Please output exactly the part of the records below that opens with the line containing "line L83 (-11.03, 14.1)" and closes with the line containing "line L90 (-16.87, 13.87) -> (3.07, 13.87)", both lines included, and nothing else.

START GIVEN RECORDS

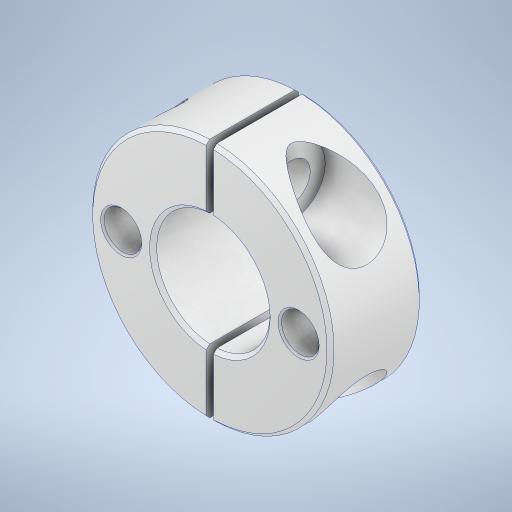
# Autodesk Inventor part: Shaft Clamp
Saved by Autodesk Inventor 2024 (Build 280153000, 153)
## iProperties
Created: 2024-12-28
Part Number: Shaft Clamp
Material: Aluminum 6061
Document SubType Name: Modeling
Designer: Ishaan
Density: 2.7 g/cm^3
Appearance: Aluminum - Flat
Author: Ishaan
Autodesk Inventor part; units mm, degrees
ref_plane "XZ Plane" through (0, 0, 0) normal (0, 1, 0) x (-1, 0, 0)
sketch "Sketch1" plane through (0, 0, 0) normal (0, 0, 1) x (1, 0, 0)
  circle A0 centre (0, 0) radius 8
  circle A1 centre (0, 0) radius 17
  line L0 (0.5, -17) -> (-0.5, -17)
  line L1 (-0.5, -17) -> (-0.5, 17)
  line L2 (-0.5, 17) -> (0.5, 17)
  line L3 (0.5, 17) -> (0.5, -17)
  line L4 (0.5, -17) -> (-0.5, 17) construction
  line L5 (-0.5, -17) -> (0.5, 17) construction
  point P0 (0.5, -7.9844)
  point P1 (0.5, -16.9926)
  point P2 (0.5, 16.9926)
  point P3 (0.5, 7.9844)
  point P4 (-0.5, 7.9844)
  point P5 (-0.5, 16.9926)
  point P6 (-0.5, -16.9926)
  point P7 (-0.5, -7.9844)
  dimension "d0" = 16
  dimension "d1" = 34
  dimension "d2" = 1
  constraints: 12 end point, 2 centre point, 2 coincident, 2 midpoint, 2 parallel, 1 horizontal, 1 perpendicular, 1 tangent
  measures "d0" diameter of A0
  measures "d1" diameter of A1
  measures "d2" distance of L1.end L2.end
extrude "Extrusion1" add sketch "Sketch1" along normal mid plane 13 contours A0 L3 A1 | A0 L1 A1
chamfer "Chamfer1" distance 0.5 angle 45 8 edges at (-8, 0, 6.5) (8, 0, 6.5) (17, 0, 6.5) (-17, 0, 6.5) (-17, 0, -6.5) (17, 0, -6.5) (-8, 0, -6.5) (8, 0, -6.5)
ref_plane "Work Plane1" through (17, 0, 0) normal (1, 0, 0) x (0, 1, 0)
sketch "Sketch2" plane through (17, 0, 0) normal (1, 0, 0) x (0, 1, 0)
  line L0 (16.4924, -6.5) -> (8.4853, -6.5) construction
  line L1 (16.9926, -6) -> (16.4924, -6.5) construction
  line L2 (16.9926, 6) -> (16.9926, -6) construction
  line L3 (16.4924, 6.5) -> (16.9926, 6) construction
  line L4 (8.4853, 6.5) -> (16.4924, 6.5) construction
  line L5 (7.9844, -6) -> (7.9844, 6) construction
  line L6 (-7.9844, -6) -> (-7.9844, 6) construction
  line L7 (-16.4924, 6.5) -> (-8.4853, 6.5) construction
  line L8 (-16.9926, 6) -> (-16.4924, 6.5) construction
  line L9 (-16.9926, -6) -> (-16.9926, 6) construction
  line L10 (-16.4924, -6.5) -> (-16.9926, -6) construction
  line L11 (-8.4853, -6.5) -> (-16.4924, -6.5) construction
  line L12 (-11.5, 0) -> (11.5, 0) construction
  point P0 (0, 0)
  point P1 (0, 0)
  dimension "d8" = 23
  constraints: 2 end point, 1 coincident, 1 horizontal, 1 midpoint, 4 other
  measures "d8" distance of L12.start L12.end
ref_plane "Work Plane2" through (5, 0, 0) normal (1, 0, 0) x (0, 1, 0)
hole "Hole1" at (17, 11.5, 0) at (17, -11.5, 0) direction (-1, 0, 0) diameter 4.134 end through all counterbore diameter 9.5 counterbore depth 12 thread size "M5x0.8" class "6H" standard "ANSI Metric M Profile"
sketch "Sketch3" plane through (5, 11.5, 0) normal (1, 0, 0) x (0, 0, -1)
  arc A0 (-0.1352, 4.7481) -> (0.1352, 4.7481) centre (0, 0) ccw projected
  circle A1 centre (0, 0) radius 2.067 projected
  arc A2 (0.1352, -27.7481) -> (-0.1352, -27.7481) centre (0, -23) ccw projected
  circle A3 centre (0, -23) radius 2.067 projected
  line L0 (0.1352, -27.7481) -> (-0.1352, -27.7481) projected
  line L1 (-0.1352, 4.7481) -> (0.1352, 4.7481) projected
  point P0 (0, -11.5)
hole "Hole2" at (5, 11.5, 0) at (5, -11.5, 0) direction (-1, 0, 0) diameter 5.3 depth 4.5
sketch "Sketch4" plane through (0, 0, -6.5) normal (0, 0, -1) x (-1, 0, 0)
  line L0 (-12.5, 0) -> (12.5, 0) construction
  line L1 (0, 0) -> (8, -6) construction
  line L2 (8, -6) -> (12.5, 0) construction
  dimension "d24" = 10
  dimension "d26" = 25
  dimension "d27" = 7.5
  constraints: 6 end point, 2 coincident, 1 horizontal, 1 midpoint, 1 perpendicular
  measures "d24" distance of L1.start L1.end
  measures "d26" distance of L0.start L0.end
  measures "d27" distance of L1.end L0.end
hole "Hole3" at (12.5, 0, -6.5) at (-12.5, 0, -6.5) direction (0, 0, 1) diameter 5.3 end through all
chamfer "Chamfer2" distance 0.25 angle 45 4 edges at (-12.5, -2.65, 6.5) (12.5, -2.65, 6.5) (-12.5, -2.65, -6.5) (12.5, -2.65, -6.5)
body "Solid1"
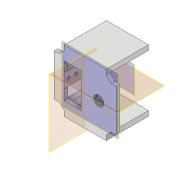
# Autodesk Inventor part: 30_Cube_Z_Focus_MGN_NEMA_base_v3
Saved by Autodesk Inventor 2022 (Build 260153000, 153)
## iProperties
Created: 2021-04-25
Part Number: 30_Cube_Z_Focus_MGN_NEMA_base_v3
Material: Generic
Document SubType Name: Modeling
Designer: diederichbenedict
Density: 1 g/cm^3
Appearance: Smooth - White
Author: diederichbenedict
Autodesk Inventor part; units mm, degrees
ref_plane "Work Plane1" through (0, 0, 6.7734) normal (0, 0, -1) x (-1, 0, 0)
sketch "Sketch1" plane through (0, 0, 6.7734) normal (0, 0, -1) x (-1, 0, 0)
  arc A0 (24.85, 22.85) -> (22.85, 24.85) centre (22.85, 22.85) ccw construction
  line L0 (22.85, 24.85) -> (-16.97, 24.85) construction
  line L1 (-16.97, 24.85) -> (-16.97, 21.15) construction
  line L2 (-16.97, 21.15) -> (16.97, 21.15) construction
  line L3 (16.97, 16.97) -> (16.97, 21.15) construction
  line L4 (21.15, 16.97) -> (16.97, 16.97) construction
  line L5 (21.15, 16.97) -> (21.15, -16.97) construction
  line L6 (21.15, -16.97) -> (24.85, -16.97) construction
  line L7 (24.85, -16.97) -> (24.85, 22.85) construction
  line L8 (23.75, 23.25) -> (23.75, 18.15) construction
  arc A1 (23.25, 17.65) -> (23.75, 18.15) centre (23.25, 18.15) ccw construction
  line L9 (23.25, 17.65) -> (20.8937, 17.65) construction
  arc A2 (20.5239, 17.8134) -> (20.8937, 17.65) centre (20.8937, 18.15) ccw construction
  line L10 (20.5239, 17.8134) -> (17.7803, 20.8273) construction
  arc A3 (17.65, 21.1639) -> (17.7803, 20.8273) centre (18.15, 21.1639) ccw construction
  line L11 (17.65, 21.1639) -> (17.65, 23.25) construction
  arc A4 (18.15, 23.75) -> (17.65, 23.25) centre (18.15, 23.25) ccw construction
  line L12 (18.15, 23.75) -> (23.25, 23.75) construction
  arc A5 (23.75, 23.25) -> (23.25, 23.75) centre (23.25, 23.25) ccw construction
  arc A6 (-24.85, -22.85) -> (-22.85, -24.85) centre (-22.85, -22.85) ccw construction
  line L13 (-22.85, -24.85) -> (16.97, -24.85) construction
  line L14 (16.97, -24.85) -> (16.97, -21.15) construction
  line L15 (16.97, -21.15) -> (-16.97, -21.15) construction
  line L16 (-16.97, -16.97) -> (-16.97, -21.15) construction
  line L17 (-21.15, -16.97) -> (-16.97, -16.97) construction
  line L18 (-21.15, -16.97) -> (-21.15, 16.97) construction
  line L19 (-21.15, 16.97) -> (-24.85, 16.97) construction
  line L20 (-24.85, 16.97) -> (-24.85, -22.85) construction
  line L21 (-20.8273, -17.7803) -> (-17.8134, -20.5239) construction
  arc A7 (-17.65, -20.8937) -> (-17.8134, -20.5239) centre (-18.15, -20.8937) ccw construction
  line L22 (-17.65, -20.8937) -> (-17.65, -23.25) construction
  arc A8 (-18.15, -23.75) -> (-17.65, -23.25) centre (-18.15, -23.25) ccw construction
  line L23 (-18.15, -23.75) -> (-23.25, -23.75) construction
  arc A9 (-23.75, -23.25) -> (-23.25, -23.75) centre (-23.25, -23.25) ccw construction
  line L24 (-23.75, -23.25) -> (-23.75, -18.15) construction
  arc A10 (-23.25, -17.65) -> (-23.75, -18.15) centre (-23.25, -18.15) ccw construction
  line L25 (-23.25, -17.65) -> (-21.1639, -17.65) construction
  arc A11 (-20.8273, -17.7803) -> (-21.1639, -17.65) centre (-21.1639, -18.15) ccw construction
  arc A12 (-22.85, 24.85) -> (-24.85, 22.85) centre (-22.85, 22.85) ccw construction
  line L26 (-22.85, 24.85) -> (16.97, 24.85) construction
  line L27 (16.97, 24.85) -> (16.97, 21.15) construction
  line L28 (16.97, 21.15) -> (-16.97, 21.15) construction
  line L29 (-16.97, 16.97) -> (-16.97, 21.15) construction
  line L30 (-21.15, 16.97) -> (-16.97, 16.97) construction
  line L31 (-21.15, 16.97) -> (-21.15, -16.97) construction
  line L32 (-21.15, -16.97) -> (-24.85, -16.97) construction
  line L33 (-24.85, -16.97) -> (-24.85, 22.85) construction
  line L34 (-20.8273, 17.7803) -> (-17.8134, 20.5239) construction
  arc A13 (-17.8134, 20.5239) -> (-17.65, 20.8937) centre (-18.15, 20.8937) ccw construction
  line L35 (-17.65, 20.8937) -> (-17.65, 23.25) construction
  arc A14 (-17.65, 23.25) -> (-18.15, 23.75) centre (-18.15, 23.25) ccw construction
  line L36 (-18.15, 23.75) -> (-23.25, 23.75) construction
  arc A15 (-23.25, 23.75) -> (-23.75, 23.25) centre (-23.25, 23.25) ccw construction
  line L37 (-23.75, 23.25) -> (-23.75, 18.15) construction
  arc A16 (-23.75, 18.15) -> (-23.25, 17.65) centre (-23.25, 18.15) ccw construction
  line L38 (-23.25, 17.65) -> (-21.1639, 17.65) construction
  arc A17 (-21.1639, 17.65) -> (-20.8273, 17.7803) centre (-21.1639, 18.15) ccw construction
  arc A18 (22.85, -24.85) -> (24.85, -22.85) centre (22.85, -22.85) ccw construction
  line L39 (22.85, -24.85) -> (-16.97, -24.85) construction
  line L40 (-16.97, -24.85) -> (-16.97, -21.15) construction
  line L41 (-16.97, -21.15) -> (16.97, -21.15) construction
  line L42 (16.97, -16.97) -> (16.97, -21.15) construction
  line L43 (21.15, -16.97) -> (16.97, -16.97) construction
  line L44 (21.15, -16.97) -> (21.15, 16.97) construction
  line L45 (21.15, 16.97) -> (24.85, 16.97) construction
  line L46 (24.85, 16.97) -> (24.85, -22.85) construction
  line L47 (23.75, -23.25) -> (23.75, -18.15) construction
  arc A19 (23.75, -18.15) -> (23.25, -17.65) centre (23.25, -18.15) ccw construction
  line L48 (23.25, -17.65) -> (20.8937, -17.65) construction
  arc A20 (20.8937, -17.65) -> (20.5239, -17.8134) centre (20.8937, -18.15) ccw construction
  line L49 (20.5239, -17.8134) -> (17.7803, -20.8273) construction
  arc A21 (17.7803, -20.8273) -> (17.65, -21.1639) centre (18.15, -21.1639) ccw construction
  line L50 (17.65, -21.1639) -> (17.65, -23.25) construction
  arc A22 (17.65, -23.25) -> (18.15, -23.75) centre (18.15, -23.25) ccw construction
  line L51 (18.15, -23.75) -> (23.25, -23.75) construction
  arc A23 (23.25, -23.75) -> (23.75, -23.25) centre (23.25, -23.25) ccw construction
  line L52 (24.85, 16.87) -> (16.87, 16.87)
  line L53 (16.87, -16.87) -> (24.85, -16.87)
  line L54 (24.85, -16.87) -> (24.85, 16.87)
  line L55 (-16.87, 24.85) -> (16.87, 24.85)
  line L56 (16.87, 24.85) -> (16.87, 13.87)
  line L57 (16.87, 13.87) -> (-16.87, 13.87)
  line L58 (-16.87, 13.87) -> (-16.87, 24.85)
  line L59 (-16.87, 16.87) -> (-24.85, 16.87)
  line L60 (-24.85, 16.87) -> (-24.85, -16.87)
  line L61 (-24.85, -16.87) -> (-16.87, -16.87)
  line L62 (-16.87, -16.87) -> (-16.87, 16.87)
  line L63 (-16.87, -24.85) -> (16.87, -24.85)
  line L64 (16.87, -24.85) -> (16.87, -13.87)
  line L65 (16.87, -13.87) -> (-16.87, -13.87)
  line L66 (-16.87, -13.87) -> (-16.87, -24.85)
  arc A24 (12.6573, -5.8482) -> (12.7994, -6.05) centre (12.9383, -5.8013) ccw construction
  line L67 (12.7994, -6.05) -> (16.97, -6.05) construction
  line L68 (16.97, -6.05) -> (16.97, 6.05) construction
  line L69 (12.7994, 6.05) -> (16.97, 6.05) construction
  arc A25 (12.7994, 6.05) -> (12.6573, 5.8482) centre (12.9383, 5.8013) ccw construction
  arc A26 (12.2641, 5.5514) -> (12.6573, 5.8482) centre (11.7553, 6.6343) ccw construction
  arc A27 (12.2641, 5.5514) -> (12.1529, 5.425) centre (12.3846, 5.3332) ccw construction
  line L70 (12.1141, 4.928) -> (12.1529, 5.425) construction
  arc A28 (11.8955, 4.7) -> (12.1141, 4.928) centre (11.8656, 4.9475) ccw construction
  line L71 (11.4444, 4.7) -> (11.8955, 4.7) construction
  arc A29 (11.1961, 4.9275) -> (11.4444, 4.7) centre (11.4444, 4.9493) ccw construction
  line L72 (11.1642, 5.293) -> (11.1961, 4.9275) construction
  arc A30 (11.1642, 5.293) -> (11.0112, 5.5514) centre (10.9164, 5.3208) ccw construction
  arc A31 (10.4933, 5.8954) -> (11.0112, 5.5514) centre (11.4026, 6.7024) ccw construction
  arc A32 (10.4933, 5.8954) -> (10.27, 6.05) centre (10.2627, 5.8008) ccw construction
  line L73 (9.67, 6.05) -> (10.27, 6.05) construction
  line L74 (9.17, 5.55) -> (9.67, 6.05) construction
  line L75 (9.17, 5.55) -> (9.17, -5.55) construction
  line L76 (9.17, -5.55) -> (9.67, -6.05) construction
  line L77 (9.67, -6.05) -> (10.27, -6.05) construction
  arc A33 (10.27, -6.05) -> (10.4933, -5.8954) centre (10.2627, -5.8008) ccw construction
  arc A34 (11.0112, -5.5514) -> (10.4933, -5.8954) centre (11.4026, -6.7024) ccw construction
  arc A35 (11.0112, -5.5514) -> (11.1642, -5.293) centre (10.9164, -5.3208) ccw construction
  line L78 (11.1642, -5.293) -> (11.1961, -4.9275) construction
  arc A36 (11.4444, -4.7) -> (11.1961, -4.9275) centre (11.4444, -4.9493) ccw construction
  line L79 (11.4444, -4.7) -> (11.8955, -4.7) construction
  arc A37 (12.1141, -4.928) -> (11.8955, -4.7) centre (11.8656, -4.9475) ccw construction
  line L80 (12.1141, -4.928) -> (12.1529, -5.425) construction
  arc A38 (12.1529, -5.425) -> (12.2641, -5.5514) centre (12.3846, -5.3332) ccw construction
  arc A39 (12.6573, -5.8482) -> (12.2641, -5.5514) centre (11.7553, -6.6343) ccw construction
  circle A40 centre (-22.53, 11.5) radius 1.025 construction
  circle A41 centre (-22.53, -11.5) radius 1.025 construction
  line L81 (-11.03, -14.1) -> (-11.03, -12.75) construction
  arc A42 (-11.03, 12.75) -> (-11.03, -12.75) centre (-11.03, 0) ccw construction
  line L82 (-11.03, 12.75) -> (-11.03, 14.1) construction
  line L83 (-11.03, 14.1) -> (-22.53, 14.1) construction
  arc A43 (-22.53, 14.1) -> (-25.13, 11.5) centre (-22.53, 11.5) ccw construction
  line L84 (-25.13, 11.5) -> (-25.13, -11.5) construction
  arc A44 (-25.13, -11.5) -> (-22.53, -14.1) centre (-22.53, -11.5) ccw construction
  line L85 (-22.53, -14.1) -> (-11.03, -14.1) construction
  circle A45 centre (-11.03, 0) radius 12.75 construction
  circle A46 centre (0.47, 11.5) radius 1.025 construction
  circle A47 centre (0.47, -11.5) radius 1.025 construction
  circle A48 centre (-22.53, -11.5) radius 1.025 construction
  circle A49 centre (-22.53, 11.5) radius 1.025 construction
  line L86 (-22.53, -14.1) -> (0.47, -14.1) construction
  arc A50 (-25.13, -11.5) -> (-22.53, -14.1) centre (-22.53, -11.5) ccw construction
  line L87 (-25.13, 11.5) -> (-25.13, -11.5) construction
  arc A51 (-22.53, 14.1) -> (-25.13, 11.5) centre (-22.53, 11.5) ccw construction
  line L88 (0.47, 14.1) -> (-22.53, 14.1) construction
  arc A52 (3.07, 11.5) -> (0.47, 14.1) centre (0.47, 11.5) ccw construction
  line L89 (3.07, -11.5) -> (3.07, 11.5) construction
  arc A53 (0.47, -14.1) -> (3.07, -11.5) centre (0.47, -11.5) ccw construction
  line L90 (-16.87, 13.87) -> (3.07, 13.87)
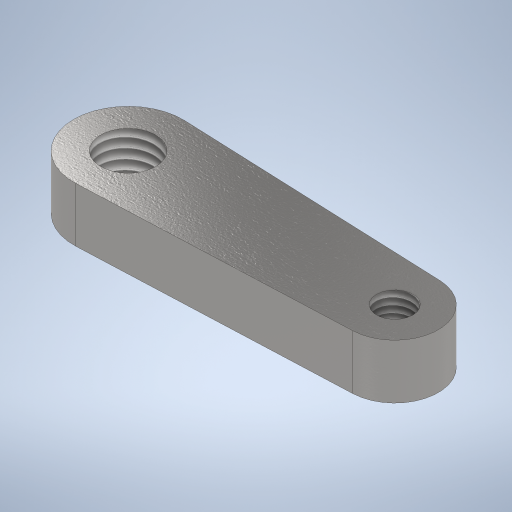
# Autodesk Inventor part: Kurbelarm
Saved by Autodesk Inventor 2024 (Build 280153000, 153)
## iProperties
Created: 2024-03-01
Part Number: Kurbelarm
Material: Stahl, galvanisiert
Document SubType Name: Modeling
Designer: ffogue
Density: 7.85 g/cm^3
Appearance: Galvanisiert
Author: ffogue
Autodesk Inventor part; units mm, degrees
ref_plane "YZ Plane" through (0, 0, 0) normal (1, 0, 0) x (0, 1, 0)
ref_plane "XZ Plane" through (0, 0, 0) normal (0, 1, 0) x (-1, 0, 0)
ref_plane "XY Plane" through (0, 0, 0) normal (0, 0, 1) x (1, 0, 0)
sketch "Skizze1" plane through (0, 0, 0) normal (0, 0, 1) x (1, 0, 0)
  arc A0 (10.4173, 10) -> (10.4173, -10) centre (10.0084, 0) ccw
  line L0 (10.4173, 10) -> (59.3205, 8)
  line L1 (10.4173, -10) -> (59.3205, -8)
  arc A1 (59.3205, -8) -> (59.3205, 8) centre (58.9933, 0) ccw
  point P0 (0, 0)
  point P1 (67, 0)
  point P2 (0, 0)
  dimension "d0" = 20
  dimension "d1" = 16
  dimension "d2" = 67
  constraints: 6 point on circle, 4 end point, 4 tangent, 2 centre point, 1 coincident, 1 horizontal alignment, 1 vertical alignment
  measures "d0" distance of L1.start L0.start
  measures "d1" distance of L1.end L0.end
  measures "d2" distance of point (67, 0) point (0, 0)
extrude "Extrusion1" add sketch "Skizze1" along normal blind 10
sketch "Skizze2" plane through (0, 0, 10) normal (0, 0, 1) x (1, 0, 0)
  arc A0 (10.4173, 10) -> (10.4173, -10) centre (10.0084, 0) ccw projected
  point P0 (0, 0)
  constraints: 1 coincident
hole "Bohrung1" at (10.0084, 0, 10) direction (0, 0, -1) diameter 10.106 end through all thread size "M12x1.75" class "6H" standard "ISO Metric profile"
sketch "Skizze3" plane through (0, 0, 10) normal (0, 0, 1) x (1, 0, 0)
  arc A0 (59.3205, -8) -> (59.3205, 8) centre (58.9933, 0) ccw projected
  point P0 (0, 0)
  constraints: 1 coincident
hole "Bohrung2" at (58.9933, 0, 10) direction (0, 0, -1) diameter 6.647 end through all thread size "M8x1.25" class "6H" standard "ISO Metric profile"

END GIVEN RECORDS

→ EXPECTED ANSWER:
  line L83 (-11.03, 14.1) -> (-22.53, 14.1) construction
  arc A43 (-22.53, 14.1) -> (-25.13, 11.5) centre (-22.53, 11.5) ccw construction
  line L84 (-25.13, 11.5) -> (-25.13, -11.5) construction
  arc A44 (-25.13, -11.5) -> (-22.53, -14.1) centre (-22.53, -11.5) ccw construction
  line L85 (-22.53, -14.1) -> (-11.03, -14.1) construction
  circle A45 centre (-11.03, 0) radius 12.75 construction
  circle A46 centre (0.47, 11.5) radius 1.025 construction
  circle A47 centre (0.47, -11.5) radius 1.025 construction
  circle A48 centre (-22.53, -11.5) radius 1.025 construction
  circle A49 centre (-22.53, 11.5) radius 1.025 construction
  line L86 (-22.53, -14.1) -> (0.47, -14.1) construction
  arc A50 (-25.13, -11.5) -> (-22.53, -14.1) centre (-22.53, -11.5) ccw construction
  line L87 (-25.13, 11.5) -> (-25.13, -11.5) construction
  arc A51 (-22.53, 14.1) -> (-25.13, 11.5) centre (-22.53, 11.5) ccw construction
  line L88 (0.47, 14.1) -> (-22.53, 14.1) construction
  arc A52 (3.07, 11.5) -> (0.47, 14.1) centre (0.47, 11.5) ccw construction
  line L89 (3.07, -11.5) -> (3.07, 11.5) construction
  arc A53 (0.47, -14.1) -> (3.07, -11.5) centre (0.47, -11.5) ccw construction
  line L90 (-16.87, 13.87) -> (3.07, 13.87)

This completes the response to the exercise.